In fact we switch from least squares to another estimation procedure called maximum likelihood. In maximum likelihood the probability functions of each observation are multiplied together and then derivatives are taken with respect to the unknown parameters. Estimates are formed based on solving for the unknown parameters using the values found in the sample.
Our new model in terms of the parameters is
ln(p/1-p) = β0 + β1x1 + β2x2 … + βkxk
where ln is the natural logarithm. The maximum likelihood (ML) estimate is
estimated ln(p/1-p) = b0 + b1x1 + b2x2 … + bkxk
The estimates b0, b1, … bk are approximately distributed as normal distributions and testing all βi = 0 is done with a χ2 test with k degrees of freedom.

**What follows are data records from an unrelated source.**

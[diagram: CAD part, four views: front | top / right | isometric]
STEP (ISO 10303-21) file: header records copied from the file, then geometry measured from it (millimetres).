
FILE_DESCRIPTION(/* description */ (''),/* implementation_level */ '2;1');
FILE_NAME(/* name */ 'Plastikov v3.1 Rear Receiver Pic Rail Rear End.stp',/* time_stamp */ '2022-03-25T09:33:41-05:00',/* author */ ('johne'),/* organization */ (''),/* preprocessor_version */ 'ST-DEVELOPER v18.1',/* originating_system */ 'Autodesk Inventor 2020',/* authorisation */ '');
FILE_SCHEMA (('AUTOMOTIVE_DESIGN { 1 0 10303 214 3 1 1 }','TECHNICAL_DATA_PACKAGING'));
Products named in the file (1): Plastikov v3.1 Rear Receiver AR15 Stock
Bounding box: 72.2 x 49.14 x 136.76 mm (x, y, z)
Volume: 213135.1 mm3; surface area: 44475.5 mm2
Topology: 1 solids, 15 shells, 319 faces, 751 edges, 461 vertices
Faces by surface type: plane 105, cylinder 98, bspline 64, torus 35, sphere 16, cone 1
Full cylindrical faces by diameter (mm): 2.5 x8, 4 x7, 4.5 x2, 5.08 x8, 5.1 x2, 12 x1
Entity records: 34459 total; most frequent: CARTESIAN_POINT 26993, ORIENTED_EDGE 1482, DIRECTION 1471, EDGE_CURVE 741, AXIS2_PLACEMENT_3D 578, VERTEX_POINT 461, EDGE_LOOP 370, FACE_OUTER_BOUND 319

A software program such as SAS can be used to estimate a confidence interval for p for new values (similar to predicting the value of y in regression). This interval can be used to classify a value as a success or a failure. For example if the interval for the probability of a success was from 0.98 to 0.99, you would classify the value as a success. A cutoff point needs to be decided on the value of p as what value of p will define a value as a success and what defines a failure.
It is best to use a second sample to see how well the predictions work on data that was not used to estimate the model. (see analysis and validation data sets of the model building notes).